Awesome day, I need to get out there in the morning soon, the afternoon hasn't been producing any pomps for me lately.


----------



## dsar592 (Oct 12, 2007)

I was down the road from you at Mobile street. I fished from 9:40 till about noon and did not get the first bite fishing with fresh shrimp and cut bait. Where can I get these ghost shrimp. Yall sell them at Sams???


----------



## bigassredfish (Apr 3, 2011)

whoa!!! great catches. It was a beautiful morning for fishing in Orange Beach/Gulf Shores area! I hope to get out there after work sometime soon!


----------



## Chris V (Oct 18, 2007)

We get them ourselves on the beach. Nobody sells them. They are difficult to keep alive in any quantity.


----------



## Stan Lockhart (Nov 29, 2007)

Nice Catch! What's time is DINNER!!!!


----------



## tofer (Oct 7, 2009)

Thanks for the report Chris. Just missed it today, went out this afternoon in Ft. Morgan and the wind had already picked up and its was getting rougher out and not a single bite.


----------



## grey ghost (Jul 24, 2011)

Nice !!


----------



## Matt Mcleod (Oct 3, 2007)

Chris V said:


> We get them ourselves on the beach. Nobody sells them. They are difficult to keep alive in any quantity.

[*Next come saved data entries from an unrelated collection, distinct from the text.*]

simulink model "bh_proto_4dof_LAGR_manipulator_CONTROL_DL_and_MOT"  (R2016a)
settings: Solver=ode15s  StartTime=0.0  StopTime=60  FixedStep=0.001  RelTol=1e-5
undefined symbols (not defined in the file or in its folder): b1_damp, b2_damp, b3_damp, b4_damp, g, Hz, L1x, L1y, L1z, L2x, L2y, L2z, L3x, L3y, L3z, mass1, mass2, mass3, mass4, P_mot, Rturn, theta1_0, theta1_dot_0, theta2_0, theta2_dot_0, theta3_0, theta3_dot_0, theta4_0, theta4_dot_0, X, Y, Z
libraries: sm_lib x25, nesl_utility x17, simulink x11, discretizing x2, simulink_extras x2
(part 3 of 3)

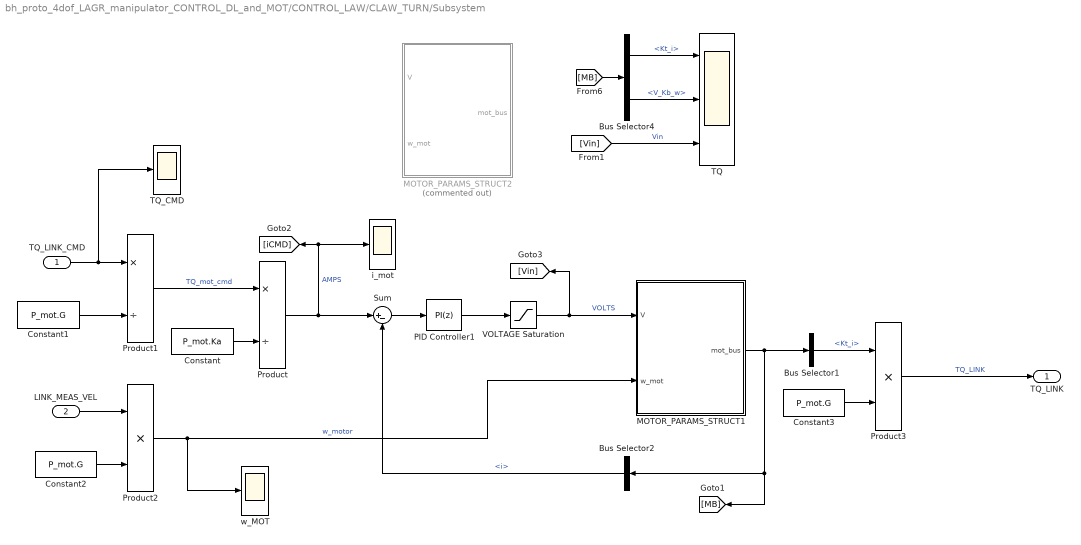
== system bh_proto_4dof_LAGR_manipulator_CONTROL_DL_and_MOT/CONTROL_LAW/CLAW_TURN/Subsystem ==
  TQ_LINK_CMD : Inport
  LINK_MEAS_VEL : Inport  Port=2
  Bus Selector1 : BusSelector  OutputSignals=Kt_i
  Bus Selector2 : BusSelector  OutputSignals=Elec.i
  Bus Selector4 : BusSelector  OutputSignals=Kt_i,Elec.V_Kb_w
  Constant : Constant  Value=P_mot.Ka
  Constant1 : Constant  Value=P_mot.G
  Constant2 : Constant  Value=P_mot.G
  Constant3 : Constant  Value=P_mot.G
  MOTOR_PARAMS_STRUCT1 : Subsystem  mask(DC motor){K=P_mot.Ka, R=P_mot.R, L=P_mot.L, Kb=P_mot.Ke, ID=P_mot.ID}
      mask prompts: K "Torque constant (N.m/A)"; R "Armature resistance (ohms)"; L "Armature Inductance (Henry)"; Kb "Back Emf constant (V.sec/rad)"; ID "Motor_ID  (#1 to #4)"
      mask help: DC motor
      mask Display: disp('DC motor')
  MOTOR_PARAMS_STRUCT2 : Subsystem  Commented=on  mask(DC motor){K=P_mot.Ka, R=P_mot.R, L=P_mot.L, Kb=P_mot.Ke, ID=P_mot.ID}
      mask prompts: K "Torque constant (N.m/A)"; R "Armature resistance (ohms)"; L "Armature Inductance (Henry)"; Kb "Back Emf constant (V.sec/rad)"; ID "Motor_ID  (#1 to #4)"
      mask help: DC motor
      mask Display: disp('DC motor')
  PID Controller1 : simulink/Continuous/PID Controller  Controller=PI  TimeDomain=Discrete-time  SampleTime=0.001  IntegratorMethod=Forward Euler  FilterMethod=Forward Euler  Form=Parallel  UseFilter=on  ControllerParametersSource=internal  P=3.02885793894674  I=6057.71587789348  D=0  N=100  InitialConditionSource=internal  InitialConditionForIntegrator=0  InitialConditionForFilter=0  ExternalReset=none  LimitOutput=off  UpperSaturationLimit=inf  LowerSaturationLimit=-inf  LinearizeAsGain=on  AntiWindupMode=none  Kb=1  TrackingMode=off  Kt=1  PParamMin=[]  PParamMax=[]  IParamMin=[]  IParamMax=[]  DParamMin=[]  DParamMax=[]  NParamMin=[]  NParamMax=[]  KbParamMin=[]  KbParamMax=[]  KtParamMin=[]  KtParamMax=[]  POutMin=[]  POutMax=[]  IOutMin=[]  IOutMax=[]  DOutMin=[]  DOutMax=[]  NOutMin=[]  NOutMax=[]  KbOutMin=[]  KbOutMax=[]  KtOutMin=[]  KtOutMax=[]  IntegratorOutMin=[]  IntegratorOutMax=[]  FilterOutMin=[]  FilterOutMax=[]  SumOutMin=[]  SumOutMax=[]  SumI1OutMin=[]  SumI1OutMax=[]  SumI2OutMin=[]  SumI2OutMax=[]  SumI3OutMin=[]  SumI3OutMax=[]  SumDOutMin=[]  SumDOutMax=[]  SaturationOutMin=[]  SaturationOutMax=[]  IntegratorContinuousStateAttributes=''  IntegratorStateMustResolveToSignalObject=off  IntegratorRTWStateStorageClass=Auto  FilterContinuousStateAttributes=''  FilterStateMustResolveToSignalObject=off  FilterRTWStateStorageClass=Auto  DifferentiatorICPrevScaledInput=0  DifferentiatorOutMin=[]  DifferentiatorOutMax=[]
  Product : Product  Inputs=*/
  Product1 : Product  Inputs=*/
  Product2 : Product
  Product3 : Product
  Sum : Sum  Inputs=|+-
  TQ : Scope  NumInputPorts=3
  TQ_CMD : Scope
  VOLTAGE Saturation : Saturate  UpperLimit=P_mot.Vmax  LowerLimit=-P_mot.Vmax
      settings: AttributesFormatString=|
      | Vmax = %<UpperLimit>
      | Vmin = %<LowerLimit>
  i_mot : Scope
  w_MOT : Scope
  TQ_LINK : Outport
  wires:
  MOTOR_PARAMS_STRUCT1/1(mot_bus) -> Bus Selector1/1, Bus Selector2/1, [MB]
  VOLTAGE Saturation/1 -> MOTOR_PARAMS_STRUCT1/1(V), [Vin]  "VOLTS"
  Product/1 -> Sum/1, i_mot/1, [iCMD]  "AMPS"
  Bus Selector2/1 -> Sum/2  "<i>"
  Sum/1 -> PID Controller1/1
  PID Controller1/1 -> VOLTAGE Saturation/1
  Product2/1 -> MOTOR_PARAMS_STRUCT1/2(w_mot), w_MOT/1  "w_motor"
  [MB] -> Bus Selector4/1
  Bus Selector4/1 -> TQ/1  "<Kt_i>"
  Bus Selector4/2 -> TQ/2  "<V_Kb_w>"
  Constant/1 -> Product/2
  TQ_LINK_CMD/1 -> TQ_CMD/1, Product1/1
  Constant1/1 -> Product1/2
  Product1/1 -> Product/1  "TQ_mot_cmd"
  LINK_MEAS_VEL/1 -> Product2/1
  Constant2/1 -> Product2/2
  Product3/1 -> TQ_LINK/1  "TQ_LINK"
  Bus Selector1/1 -> Product3/1  "<Kt_i>"
  Constant3/1 -> Product3/2
  [Vin] -> TQ/3  "Vin"

== system bh_proto_4dof_LAGR_manipulator_CONTROL_DL_and_MOT/Create_PLANT_BUS/Subsystem1/Subsystem1 ==
  mg_signed : Inport
  Constant : Constant  Value=0
  Mux : Mux  Inputs=3
  Reshape : Reshape  OutputDimensionality=Column vector (2-D)
  COL : Outport
  wires:
  mg_signed/1 -> Mux/3
  Constant/1 -> Mux/2, Mux/1
  Mux/1 -> Reshape/1
  Reshape/1 -> COL/1

== system bh_proto_4dof_LAGR_manipulator_CONTROL_DL_and_MOT/Create_PLANT_BUS/Subsystem1/Subsystem2 ==
  mg_signed : Inport
  Constant : Constant  Value=0
  Mux : Mux  Inputs=3
  Reshape : Reshape  OutputDimensionality=Column vector (2-D)
  COL : Outport
  wires:
  mg_signed/1 -> Mux/3
  Constant/1 -> Mux/2, Mux/1
  Mux/1 -> Reshape/1
  Reshape/1 -> COL/1

== system bh_proto_4dof_LAGR_manipulator_CONTROL_DL_and_MOT/Create_PLANT_BUS/Subsystem1/Subsystem3 ==
  mg_signed : Inport
  Constant : Constant  Value=0
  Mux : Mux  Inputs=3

Chris, how are you hooking the ghost shrimp? They seem to be softer than a regular shrimp and I've been told to hook them differently or on a special hook??


----------



## Chris V (Oct 18, 2007)

PM sent Matt


----------



## ride135pcolaboy (Oct 2, 2009)

*Dinner*

What time??? nice eats, I'll be there in a week or so, staying @ Doc's RV park on Ft. Morgan Rd for a month or so, are you fishing the last Rd. before the gate???, if so I might run into you. Any sand fleas yet ???, have a nice new pump, that my son built for me, can't wait to try it out., mike


----------



## user10309 (Sep 28, 2009)

Thanks for sharing you'r post, great pics, I really like the last one with them all in a circle. I kind of miss going surf-fishing, maybe I'll take the wife out this year and dust off the sand spikes and go wet a line. Congrats, tight lines...


----------



## matt c (Mar 29, 2010)

*pompano*

Pompano flower' it looks like the lid to a garbage can:thumbsup:


----------



## Chris V (Oct 18, 2007)

Haha Matt. I think years of paint fumes have left you half-retarded. Never go full retard. I think you need to fire your chef.


----------